P1-5 Sound Reproduction within a Closed Ear Canal:Acoustical and Physiological EffectsSamuel Gido, Asius Technologies LLC - Longmont, CO, USA, University of Massachusetts, Amherst, MA, USA; Robert Schulein, Stephen Ambrose, Asius Technologies LLC - Longmont, CO, USA
When a sound producing device such as insert earphones or a hearing aid is sealed in the ear canal, the fact that only a tiny segment of the sound wave can exist in this small volume at any given instant, produces an oscillation of the static pressure in the ear canal. This effect can greatly boost the SPL in the ear canal, especially at low frequencies, a phenomena that we call Trapped Volume Insertion Gain (TVIG). In this study the TVIG has been found by numerical modeling as well as direct measurements using a Zwislocki coupler and the ear of a human subject, to be as much as 50 dB greater than sound pressures typically generated while listening to sounds in an open environment. Even at moderate listening volumes, the TVIG can increase the low frequency SPL in the ear canal to levels where they produce excursions of the tympanic membrane that are 100 to 1000 times greater than in normal open-ear hearing. Additionally, the high SPL at low frequencies in the trapped volume of the ear canal, can easily exceed the threshold necessary to trigger the Stapedius reflex, a stiffing response of the middle ear, which reduces its sensitivity and may lead to audio fatigue. The addition of a compliant membrane covered vent in the sound tube of an insert ear tip was found to reduce the TVIG by up to 20 dB, such that the Stapedius reflex would likely not be triggered.

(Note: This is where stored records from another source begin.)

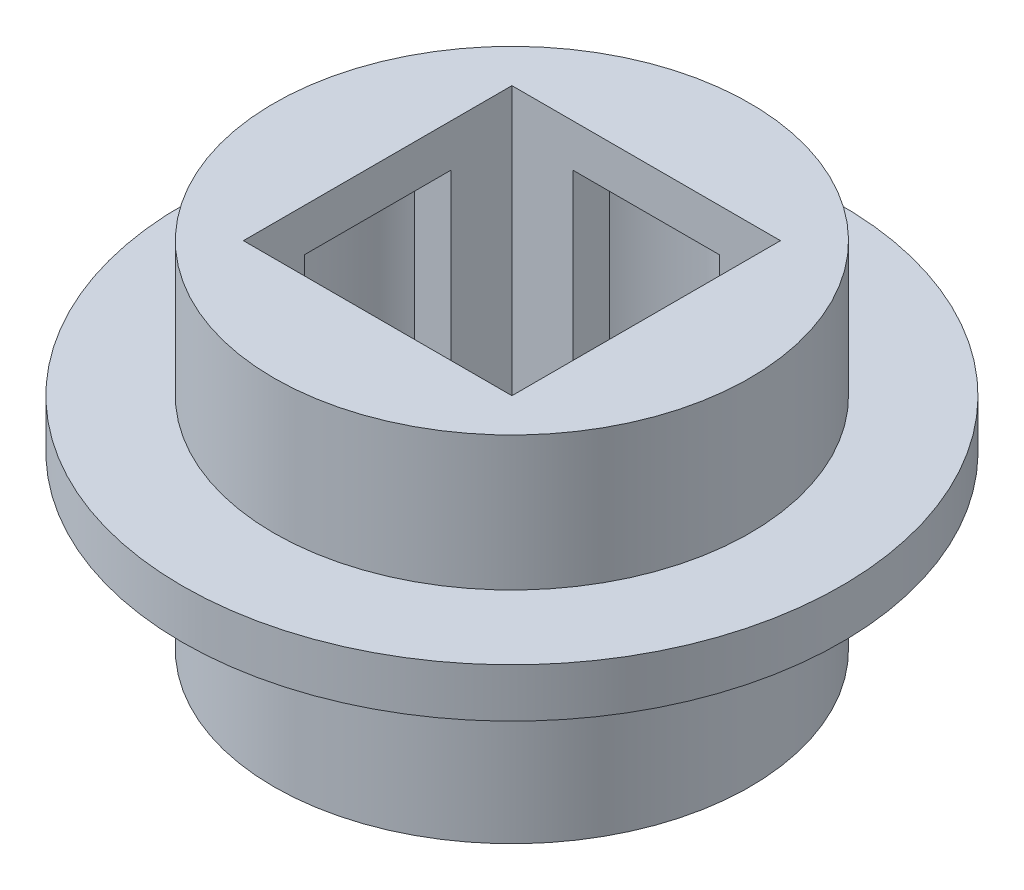
ISO-10303-21;
HEADER;
FILE_DESCRIPTION(('STEP AP214'),'2;1');
FILE_NAME('part.step','',(''),(''),'','','');
FILE_SCHEMA(('AUTOMOTIVE_DESIGN { 1 0 10303 214 1 1 1 1 }'));
ENDSEC;
DATA;
#1=APPLICATION_CONTEXT('core data for automotive mechanical design processes');
#2=APPLICATION_PROTOCOL_DEFINITION('international standard','automotive_design',2000,#1);
#3=PRODUCT_CONTEXT('',#1,'mechanical');
#4=PRODUCT('Part','Part','',(#3));
#5=PRODUCT_RELATED_PRODUCT_CATEGORY('part','',(#4));
#6=PRODUCT_DEFINITION_FORMATION('','',#4);
#7=PRODUCT_DEFINITION_CONTEXT('part definition',#1,'design');
#8=PRODUCT_DEFINITION('design','',#6,#7);
#9=PRODUCT_DEFINITION_SHAPE('','',#8);
#10=(LENGTH_UNIT() NAMED_UNIT(*) SI_UNIT(.MILLI.,.METRE.));
#11=(NAMED_UNIT(*) PLANE_ANGLE_UNIT() SI_UNIT($,.RADIAN.));
#12=(NAMED_UNIT(*) SI_UNIT($,.STERADIAN.) SOLID_ANGLE_UNIT());
#13=UNCERTAINTY_MEASURE_WITH_UNIT(LENGTH_MEASURE(1.E-05),#10,'distance_accuracy_value','');
#14=(GEOMETRIC_REPRESENTATION_CONTEXT(3) GLOBAL_UNCERTAINTY_ASSIGNED_CONTEXT((#13)) GLOBAL_UNIT_ASSIGNED_CONTEXT((#10,
#11,#12)) REPRESENTATION_CONTEXT('',''));
#15=CARTESIAN_POINT('',(0.,0.,0.));
#16=DIRECTION('',(0.,0.,1.));
#17=DIRECTION('',(1.,0.,0.));
#18=AXIS2_PLACEMENT_3D('',#15,#16,#17);
#19=CARTESIAN_POINT('',(0.,-14.,0.));
#20=DIRECTION('',(0.,1.,0.));
#21=DIRECTION('',(0.,0.,1.));
#22=AXIS2_PLACEMENT_3D('',#19,#20,#21);
#23=CYLINDRICAL_SURFACE('',#22,19.5);
#24=CARTESIAN_POINT('',(0.,-14.,0.));
#25=DIRECTION('',(0.,1.,0.));
#26=DIRECTION('',(0.,0.,1.));
#27=AXIS2_PLACEMENT_3D('',#24,#25,#26);
#28=CIRCLE('',#27,19.5);
#29=CARTESIAN_POINT('',(0.,-14.,19.5));
#30=VERTEX_POINT('',#29);
#31=EDGE_CURVE('E12',#30,#30,#28,.T.);
#32=ORIENTED_EDGE('',*,*,#31,.T.);
#33=EDGE_LOOP('',(#32));
#34=FACE_BOUND('',#33,.T.);
#35=CARTESIAN_POINT('',(0.,15.,0.));
#36=DIRECTION('',(0.,1.,0.));
#37=DIRECTION('',(0.,0.,1.));
#38=AXIS2_PLACEMENT_3D('',#35,#36,#37);
#39=CIRCLE('',#38,19.5);
#40=CARTESIAN_POINT('',(0.,15.,19.5));
#41=VERTEX_POINT('',#40);
#42=EDGE_CURVE('E50',#41,#41,#39,.T.);
#43=ORIENTED_EDGE('',*,*,#42,.F.);
#44=EDGE_LOOP('',(#43));
#45=FACE_BOUND('',#44,.T.);
#46=ADVANCED_FACE('F43',(#34,#45),#23,.T.);
#47=CARTESIAN_POINT('',(0.,-14.,0.));
#48=DIRECTION('',(0.,1.,0.));
#49=DIRECTION('',(0.,0.,1.));
#50=AXIS2_PLACEMENT_3D('',#47,#48,#49);
#51=PLANE('',#50);
#52=CARTESIAN_POINT('',(0.,-14.,8.));
#53=DIRECTION('',(0.,-1.,0.));
#54=DIRECTION('',(0.,0.,1.));
#55=AXIS2_PLACEMENT_3D('',#52,#53,#54);
#56=CIRCLE('',#55,8.48528137423857);
#57=CARTESIAN_POINT('',(6.,-14.,14.));
#58=VERTEX_POINT('',#57);
#59=CARTESIAN_POINT('',(-6.,-14.,14.));
#60=VERTEX_POINT('',#59);
#61=EDGE_CURVE('E203',#58,#60,#56,.T.);
#62=ORIENTED_EDGE('',*,*,#61,.F.);
#63=DIRECTION('',(0.,0.,1.));
#64=VECTOR('',#63,1.);
#65=CARTESIAN_POINT('',(6.,-14.,11.));
#66=LINE('',#65,#64);
#67=CARTESIAN_POINT('',(6.,-14.,11.));
#68=VERTEX_POINT('',#67);
#69=EDGE_CURVE('E188',#68,#58,#66,.T.);
#70=ORIENTED_EDGE('',*,*,#69,.F.);
#71=DIRECTION('',(-1.,0.,0.));
#72=VECTOR('',#71,1.);
#73=CARTESIAN_POINT('',(-11.,-14.,11.));
#74=LINE('',#73,#72);
#75=CARTESIAN_POINT('',(11.,-14.,11.));
#76=VERTEX_POINT('',#75);
#77=EDGE_CURVE('E302',#76,#68,#74,.T.);
#78=ORIENTED_EDGE('',*,*,#77,.F.);
#79=DIRECTION('',(0.,0.,1.));
#80=VECTOR('',#79,1.);
#81=CARTESIAN_POINT('',(11.,-14.,11.));
#82=LINE('',#81,#80);
#83=CARTESIAN_POINT('',(11.,-14.,5.99999999999996));
#84=VERTEX_POINT('',#83);
#85=EDGE_CURVE('E305',#84,#76,#82,.T.);
#86=ORIENTED_EDGE('',*,*,#85,.F.);
#87=DIRECTION('',(-1.,0.,0.));
#88=VECTOR('',#87,1.);
#89=CARTESIAN_POINT('',(11.,-14.,5.99999999999996));
#90=LINE('',#89,#88);
#91=CARTESIAN_POINT('',(14.,-14.,5.99999999999995));
#92=VERTEX_POINT('',#91);
#93=EDGE_CURVE('E222',#92,#84,#90,.T.);
#94=ORIENTED_EDGE('',*,*,#93,.F.);
#95=CARTESIAN_POINT('',(8.,-14.,0.));
#96=DIRECTION('',(0.,-1.,0.));
#97=DIRECTION('',(0.,0.,1.));
#98=AXIS2_PLACEMENT_3D('',#95,#96,#97);
#99=CIRCLE('',#98,8.48528137423857);
#100=CARTESIAN_POINT('',(14.,-14.,-6.00000000000005));
#101=VERTEX_POINT('',#100);
#102=EDGE_CURVE('E231',#101,#92,#99,.T.);
#103=ORIENTED_EDGE('',*,*,#102,.F.);
#104=DIRECTION('',(1.,0.,0.));
#105=VECTOR('',#104,1.);
#106=CARTESIAN_POINT('',(11.,-14.,-6.00000000000004));
#107=LINE('',#106,#105);
#108=CARTESIAN_POINT('',(11.,-14.,-6.00000000000004));
#109=VERTEX_POINT('',#108);
#110=EDGE_CURVE('E228',#109,#101,#107,.T.);
#111=ORIENTED_EDGE('',*,*,#110,.F.);
#112=CARTESIAN_POINT('',(11.,-14.,-11.));
#113=VERTEX_POINT('',#112);
#114=EDGE_CURVE('E306',#113,#109,#82,.T.);
#115=ORIENTED_EDGE('',*,*,#114,.F.);
#116=DIRECTION('',(1.,0.,0.));
#117=VECTOR('',#116,1.);
#118=CARTESIAN_POINT('',(-11.,-14.,-11.));
#119=LINE('',#118,#117);
#120=CARTESIAN_POINT('',(5.99999999999992,-14.,-11.));
#121=VERTEX_POINT('',#120);
#122=EDGE_CURVE('E323',#121,#113,#119,.T.);
#123=ORIENTED_EDGE('',*,*,#122,.F.);
#124=DIRECTION('',(0.,0.,1.));
#125=VECTOR('',#124,1.);
#126=CARTESIAN_POINT('',(5.99999999999992,-14.,-11.));
#127=LINE('',#126,#125);
#128=CARTESIAN_POINT('',(5.9999999999999,-14.,-14.));
#129=VERTEX_POINT('',#128);
#130=EDGE_CURVE('E247',#129,#121,#127,.T.);
#131=ORIENTED_EDGE('',*,*,#130,.F.);
#132=CARTESIAN_POINT('',(0.,-14.,-8.));
#133=DIRECTION('',(0.,-1.,0.));
#134=DIRECTION('',(0.,0.,1.));
#135=AXIS2_PLACEMENT_3D('',#132,#133,#134);
#136=CIRCLE('',#135,8.48528137423857);
#137=CARTESIAN_POINT('',(-6.0000000000001,-14.,-14.));
#138=VERTEX_POINT('',#137);
#139=EDGE_CURVE('E259',#138,#129,#136,.T.);
#140=ORIENTED_EDGE('',*,*,#139,.F.);
#141=DIRECTION('',(0.,0.,-1.));
#142=VECTOR('',#141,1.);
#143=CARTESIAN_POINT('',(-6.00000000000008,-14.,-11.));
#144=LINE('',#143,#142);
#145=CARTESIAN_POINT('',(-6.00000000000008,-14.,-11.));
#146=VERTEX_POINT('',#145);
#147=EDGE_CURVE('E256',#146,#138,#144,.T.);
#148=ORIENTED_EDGE('',*,*,#147,.F.);
#149=CARTESIAN_POINT('',(-11.,-14.,-11.));
#150=VERTEX_POINT('',#149);
#151=EDGE_CURVE('E330',#150,#146,#119,.T.);
#152=ORIENTED_EDGE('',*,*,#151,.F.);
#153=DIRECTION('',(0.,0.,-1.));
#154=VECTOR('',#153,1.);
#155=CARTESIAN_POINT('',(-11.,-14.,11.));
#156=LINE('',#155,#154);
#157=CARTESIAN_POINT('',(-11.0000000000001,-14.,-5.99999999999988));
#158=VERTEX_POINT('',#157);
#159=EDGE_CURVE('E213',#158,#150,#156,.T.);
#160=ORIENTED_EDGE('',*,*,#159,.F.);
#161=DIRECTION('',(1.,0.,0.));
#162=VECTOR('',#161,1.);
#163=CARTESIAN_POINT('',(-11.0000000000001,-14.,-5.99999999999988));
#164=LINE('',#163,#162);
#165=CARTESIAN_POINT('',(-14.0000000000001,-14.,-5.99999999999985));
#166=VERTEX_POINT('',#165);
#167=EDGE_CURVE('E275',#166,#158,#164,.T.);
#168=ORIENTED_EDGE('',*,*,#167,.F.);
#169=CARTESIAN_POINT('',(-8.,-14.,0.));
#170=DIRECTION('',(0.,-1.,0.));
#171=DIRECTION('',(0.,0.,1.));
#172=AXIS2_PLACEMENT_3D('',#169,#170,#171);
#173=CIRCLE('',#172,8.48528137423857);
#174=CARTESIAN_POINT('',(-13.9999999999999,-14.,6.00000000000014));
#175=VERTEX_POINT('',#174);
#176=EDGE_CURVE('E287',#175,#166,#173,.T.);
#177=ORIENTED_EDGE('',*,*,#176,.F.);
#178=DIRECTION('',(-1.,0.,0.));
#179=VECTOR('',#178,1.);
#180=CARTESIAN_POINT('',(-10.9999999999999,-14.,6.00000000000012));
#181=LINE('',#180,#179);
#182=CARTESIAN_POINT('',(-10.9999999999999,-14.,6.00000000000012));
#183=VERTEX_POINT('',#182);
#184=EDGE_CURVE('E284',#183,#175,#181,.T.);
#185=ORIENTED_EDGE('',*,*,#184,.F.);
#186=CARTESIAN_POINT('',(-11.,-14.,11.));
#187=VERTEX_POINT('',#186);
#188=EDGE_CURVE('E298',#187,#183,#156,.T.);
#189=ORIENTED_EDGE('',*,*,#188,.F.);
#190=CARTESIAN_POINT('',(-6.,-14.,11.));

P1-6 Can We Compare the Sound Quality of Noise Reduction between Hearing Aids? A Method to Level the Ground between DevicesRolph Houben, Inge Brons, Wouter A. Dreschler, Academic Medical Center, Amsterdam, The Netherlands
This paper proposes the application of an equalization filter to remove unwanted differences in frequency response between recordings from different hearing aids. The filter makes it possible to compare the perceptual effects (such as user preference) of a specific signal processing feature (e.g., noise reduction) between different hearing aids, without the dominant influence of differences in their frequency responses. Both an objective quality measure (PESQ) and a listening experiment have shown that the filter was able to “level the ground” between the devices included. The potential application of the inverse filter is to use it on recordings from hearing aids so that we can directly compare the noise reduction between devices. This allows one to determine if users prefer a certain noise reduction over another, which could lead to improved rehabilitation of hearing impaired listeners.